The 15 members of the Security Council argue over the evidence. In particular, they spend much time weighing the probabilities that the Asian monsoon might be weakened as a result. Security Council members also argue about how long the initial aerosol injection should continue – for one year, three years or five years. Against a background of vociferous, and at times violent, globally-coordinated public campaigns (both in favour of and against such intervention), the Security Council votes 11 to two in favour, with two abstentions. The deployment will proceed for a one-year period, after which a full evaluation will be conducted.
Over the following months, protestors attempt to sabotage some of the planes being used to inject aerosols, and direct-action groups affiliated with HOME (Hands Off Mother Earth) send up their own aircraft in symbolic efforts to scrub the aerosols from the stratosphere. After one year the deployment is temporarily halted and climate data are evaluated.
Global temperature has indeed fallen from the previous 10-year mean of 15.23 degrees Celsius (the 1961-1990 average was 14 degrees) to just 14.57 degrees Celsius, the coolest year on the planet since 2014. But regional climate anomalies have been large and variable. Of most concern was a failure of the Asian monsoon, at the cost of US$50 billion (339 billion yuan) to the Indian economy, and the most intense cyclone season in the South China Sea for 20 years.

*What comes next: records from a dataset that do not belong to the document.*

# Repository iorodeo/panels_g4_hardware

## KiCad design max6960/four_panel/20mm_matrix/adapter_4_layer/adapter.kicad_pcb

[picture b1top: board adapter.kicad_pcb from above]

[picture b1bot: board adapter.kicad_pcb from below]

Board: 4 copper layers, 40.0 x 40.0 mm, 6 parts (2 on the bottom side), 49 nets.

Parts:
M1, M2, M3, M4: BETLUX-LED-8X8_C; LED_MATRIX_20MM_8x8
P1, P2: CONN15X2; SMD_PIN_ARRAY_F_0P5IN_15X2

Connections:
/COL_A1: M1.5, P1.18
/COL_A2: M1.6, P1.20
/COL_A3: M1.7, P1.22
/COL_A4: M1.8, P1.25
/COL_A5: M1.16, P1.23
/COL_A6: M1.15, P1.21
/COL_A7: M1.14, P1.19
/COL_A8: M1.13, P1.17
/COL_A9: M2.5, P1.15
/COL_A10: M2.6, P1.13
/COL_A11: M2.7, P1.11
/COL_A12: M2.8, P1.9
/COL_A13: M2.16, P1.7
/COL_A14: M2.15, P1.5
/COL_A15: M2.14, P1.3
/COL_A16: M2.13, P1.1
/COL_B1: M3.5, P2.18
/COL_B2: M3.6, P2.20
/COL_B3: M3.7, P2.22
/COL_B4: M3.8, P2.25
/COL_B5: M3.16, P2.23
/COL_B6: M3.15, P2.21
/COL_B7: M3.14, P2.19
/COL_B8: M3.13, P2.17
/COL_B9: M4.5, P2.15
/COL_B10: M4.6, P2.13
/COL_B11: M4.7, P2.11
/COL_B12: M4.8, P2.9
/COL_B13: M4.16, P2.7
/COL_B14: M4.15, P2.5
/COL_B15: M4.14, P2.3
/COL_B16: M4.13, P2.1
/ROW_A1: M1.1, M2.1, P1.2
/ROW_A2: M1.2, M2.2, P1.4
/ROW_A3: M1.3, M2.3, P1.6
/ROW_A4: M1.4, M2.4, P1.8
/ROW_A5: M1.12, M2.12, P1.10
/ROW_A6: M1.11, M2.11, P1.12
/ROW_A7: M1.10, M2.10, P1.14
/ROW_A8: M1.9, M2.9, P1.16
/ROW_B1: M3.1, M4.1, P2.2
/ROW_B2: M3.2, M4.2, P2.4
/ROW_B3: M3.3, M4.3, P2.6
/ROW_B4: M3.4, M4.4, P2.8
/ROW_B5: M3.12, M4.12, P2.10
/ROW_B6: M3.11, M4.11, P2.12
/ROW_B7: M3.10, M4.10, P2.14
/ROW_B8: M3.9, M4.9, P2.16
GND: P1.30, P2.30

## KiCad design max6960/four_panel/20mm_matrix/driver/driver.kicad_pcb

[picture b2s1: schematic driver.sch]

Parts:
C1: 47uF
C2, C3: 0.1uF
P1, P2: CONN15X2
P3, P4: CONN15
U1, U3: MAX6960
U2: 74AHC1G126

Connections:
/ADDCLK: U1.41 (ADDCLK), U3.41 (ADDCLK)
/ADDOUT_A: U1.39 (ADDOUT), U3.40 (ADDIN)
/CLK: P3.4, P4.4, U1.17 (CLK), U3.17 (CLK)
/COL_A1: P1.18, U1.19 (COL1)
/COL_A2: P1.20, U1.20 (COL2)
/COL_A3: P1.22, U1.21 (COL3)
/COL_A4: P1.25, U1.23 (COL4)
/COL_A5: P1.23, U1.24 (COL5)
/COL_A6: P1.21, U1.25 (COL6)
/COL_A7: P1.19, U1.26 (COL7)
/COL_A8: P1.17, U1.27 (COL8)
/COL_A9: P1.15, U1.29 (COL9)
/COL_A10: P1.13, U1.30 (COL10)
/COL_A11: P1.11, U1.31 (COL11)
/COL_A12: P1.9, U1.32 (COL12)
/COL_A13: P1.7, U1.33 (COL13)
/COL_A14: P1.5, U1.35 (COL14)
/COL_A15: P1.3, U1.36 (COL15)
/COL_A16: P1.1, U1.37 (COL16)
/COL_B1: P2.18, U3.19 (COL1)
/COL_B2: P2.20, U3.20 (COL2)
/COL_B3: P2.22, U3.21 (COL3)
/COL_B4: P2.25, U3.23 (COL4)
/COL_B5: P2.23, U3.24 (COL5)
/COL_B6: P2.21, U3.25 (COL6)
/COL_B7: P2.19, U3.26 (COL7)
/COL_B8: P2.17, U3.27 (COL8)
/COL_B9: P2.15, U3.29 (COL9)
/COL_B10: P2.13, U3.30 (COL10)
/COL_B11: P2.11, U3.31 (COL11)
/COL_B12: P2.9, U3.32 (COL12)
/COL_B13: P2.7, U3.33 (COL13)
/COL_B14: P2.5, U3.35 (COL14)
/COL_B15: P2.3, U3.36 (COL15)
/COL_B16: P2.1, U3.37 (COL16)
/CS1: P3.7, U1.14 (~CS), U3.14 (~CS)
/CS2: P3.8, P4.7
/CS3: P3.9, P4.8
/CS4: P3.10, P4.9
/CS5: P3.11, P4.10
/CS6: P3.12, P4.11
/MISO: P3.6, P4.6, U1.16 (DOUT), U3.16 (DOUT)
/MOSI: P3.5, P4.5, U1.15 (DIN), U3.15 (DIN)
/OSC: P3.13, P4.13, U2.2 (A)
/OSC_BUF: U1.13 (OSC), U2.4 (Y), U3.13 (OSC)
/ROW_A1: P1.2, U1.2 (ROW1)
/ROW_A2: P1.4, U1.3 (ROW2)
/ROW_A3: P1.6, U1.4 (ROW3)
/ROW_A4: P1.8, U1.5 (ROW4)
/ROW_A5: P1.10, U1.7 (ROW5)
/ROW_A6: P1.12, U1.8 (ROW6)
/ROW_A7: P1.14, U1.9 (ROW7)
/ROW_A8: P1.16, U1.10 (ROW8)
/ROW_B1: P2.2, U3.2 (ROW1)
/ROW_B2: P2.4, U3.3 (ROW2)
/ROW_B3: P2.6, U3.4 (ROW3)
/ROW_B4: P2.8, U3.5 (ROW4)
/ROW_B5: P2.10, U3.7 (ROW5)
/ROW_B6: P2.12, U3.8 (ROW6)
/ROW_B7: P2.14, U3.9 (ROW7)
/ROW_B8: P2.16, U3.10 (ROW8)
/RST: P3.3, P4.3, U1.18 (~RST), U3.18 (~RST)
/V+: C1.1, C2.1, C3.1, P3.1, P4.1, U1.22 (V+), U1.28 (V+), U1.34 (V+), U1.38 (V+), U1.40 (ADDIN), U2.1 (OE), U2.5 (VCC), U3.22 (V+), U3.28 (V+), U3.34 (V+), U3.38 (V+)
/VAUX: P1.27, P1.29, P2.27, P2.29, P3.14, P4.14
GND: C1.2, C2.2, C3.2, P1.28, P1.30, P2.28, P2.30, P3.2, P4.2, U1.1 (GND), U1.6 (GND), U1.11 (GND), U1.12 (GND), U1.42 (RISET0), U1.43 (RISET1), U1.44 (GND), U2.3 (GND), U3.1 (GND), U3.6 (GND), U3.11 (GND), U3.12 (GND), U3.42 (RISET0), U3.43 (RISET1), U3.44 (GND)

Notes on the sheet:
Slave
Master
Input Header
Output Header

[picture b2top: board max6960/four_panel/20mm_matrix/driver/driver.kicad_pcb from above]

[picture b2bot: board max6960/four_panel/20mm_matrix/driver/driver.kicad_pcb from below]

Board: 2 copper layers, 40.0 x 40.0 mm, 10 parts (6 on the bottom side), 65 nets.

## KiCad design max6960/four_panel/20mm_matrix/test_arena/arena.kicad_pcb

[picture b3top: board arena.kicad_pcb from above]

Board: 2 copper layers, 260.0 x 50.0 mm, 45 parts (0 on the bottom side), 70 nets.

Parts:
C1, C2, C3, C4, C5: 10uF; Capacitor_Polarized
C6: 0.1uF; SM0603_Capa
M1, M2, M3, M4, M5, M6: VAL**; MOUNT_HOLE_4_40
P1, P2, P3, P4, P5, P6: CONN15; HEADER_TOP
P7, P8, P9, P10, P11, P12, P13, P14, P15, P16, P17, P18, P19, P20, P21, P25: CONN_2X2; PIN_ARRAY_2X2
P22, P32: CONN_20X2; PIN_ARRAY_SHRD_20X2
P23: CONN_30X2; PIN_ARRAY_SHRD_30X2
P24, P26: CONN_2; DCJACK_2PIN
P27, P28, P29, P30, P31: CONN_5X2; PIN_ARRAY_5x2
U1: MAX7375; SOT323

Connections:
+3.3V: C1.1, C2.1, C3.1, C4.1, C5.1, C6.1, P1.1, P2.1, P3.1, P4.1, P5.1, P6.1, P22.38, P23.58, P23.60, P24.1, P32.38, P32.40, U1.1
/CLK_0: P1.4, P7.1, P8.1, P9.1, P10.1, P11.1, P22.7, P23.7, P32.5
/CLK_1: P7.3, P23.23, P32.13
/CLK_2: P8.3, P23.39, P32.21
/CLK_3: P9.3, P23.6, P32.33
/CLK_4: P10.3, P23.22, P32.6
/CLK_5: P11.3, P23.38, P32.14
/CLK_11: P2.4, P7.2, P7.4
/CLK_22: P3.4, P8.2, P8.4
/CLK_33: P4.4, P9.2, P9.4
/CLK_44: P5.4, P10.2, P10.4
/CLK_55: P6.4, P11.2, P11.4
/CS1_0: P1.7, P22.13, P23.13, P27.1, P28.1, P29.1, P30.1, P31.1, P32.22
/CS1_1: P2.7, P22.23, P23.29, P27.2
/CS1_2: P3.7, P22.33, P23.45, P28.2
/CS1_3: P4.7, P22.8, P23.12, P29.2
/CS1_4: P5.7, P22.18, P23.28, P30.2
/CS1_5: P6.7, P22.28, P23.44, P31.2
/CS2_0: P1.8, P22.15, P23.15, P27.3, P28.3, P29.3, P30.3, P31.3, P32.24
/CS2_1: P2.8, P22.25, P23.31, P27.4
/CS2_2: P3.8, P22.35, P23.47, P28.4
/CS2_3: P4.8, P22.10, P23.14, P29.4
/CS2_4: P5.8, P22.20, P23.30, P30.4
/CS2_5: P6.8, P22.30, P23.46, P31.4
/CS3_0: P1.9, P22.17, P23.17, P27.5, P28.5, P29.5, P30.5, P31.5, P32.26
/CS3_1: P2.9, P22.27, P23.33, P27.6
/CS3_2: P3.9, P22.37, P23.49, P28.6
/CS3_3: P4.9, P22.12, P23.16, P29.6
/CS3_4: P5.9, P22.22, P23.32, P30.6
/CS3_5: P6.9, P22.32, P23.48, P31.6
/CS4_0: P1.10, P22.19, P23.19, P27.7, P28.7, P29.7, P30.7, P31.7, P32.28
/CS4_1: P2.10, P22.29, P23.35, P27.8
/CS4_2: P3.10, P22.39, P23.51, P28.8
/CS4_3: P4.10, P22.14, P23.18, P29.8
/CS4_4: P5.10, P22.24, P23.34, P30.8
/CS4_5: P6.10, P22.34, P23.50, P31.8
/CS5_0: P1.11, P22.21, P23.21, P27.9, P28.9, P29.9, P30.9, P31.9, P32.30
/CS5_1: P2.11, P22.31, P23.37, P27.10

India – one of the rotating members of the Security Council – and China now trigger an emergency debate calling for a permanent ban on deployment of aerosol-injection technologies. The IPCC argues that one year’s data prove nothing about the efficacy or impact of solar-radiation management. But against a background of further global protests, led by the new popular civic movements in China and India, the Security Council now splits five votes to five, with five abstentions. Turmoil ensues as two Canadian billionaires unilaterally continue aerosol injection.
Of course, one could create a hundred other scenarios under which the story of solar-radiation management may unfold. But I use this one to draw attention to the profound political obstacles and humanitarian risks that shadow attempts to engineer the climate through solar-radiation management. The organisation HOME already exists, seeking to mobilise people everywhere to tell climate engineers to proceed no further with climate manipulation.
The technical body supporting the work of the UN Convention on Biological Diversity has recently proposed a draft text along the following lines: “No climate-related geo-engineering activities [should] take place until there is an adequate scientific basis on which to justify such activities and appropriate consideration of the associated risks for the environment and biodiversity and associated social, economic and cultural impacts.” [Emphasis added.]
Words such as “adequate” and “appropriate” offer new grounds for contention in an already argumentative world. If the politics of climate-mitigation policy under the guise of the Kyoto Protocol have proved intractable, just wait until we see the geopolitics surrounding the negotiation of the first protocol on engineering synthetic climates. In the name of saving the planet from inadvertent greenhouse-gas exacerbated climate change, climate engineers may simply be offering us one Promethean fire to offset the effects of another.
Mike Hulme is professor of climate change at Britain’s University of East Anglia.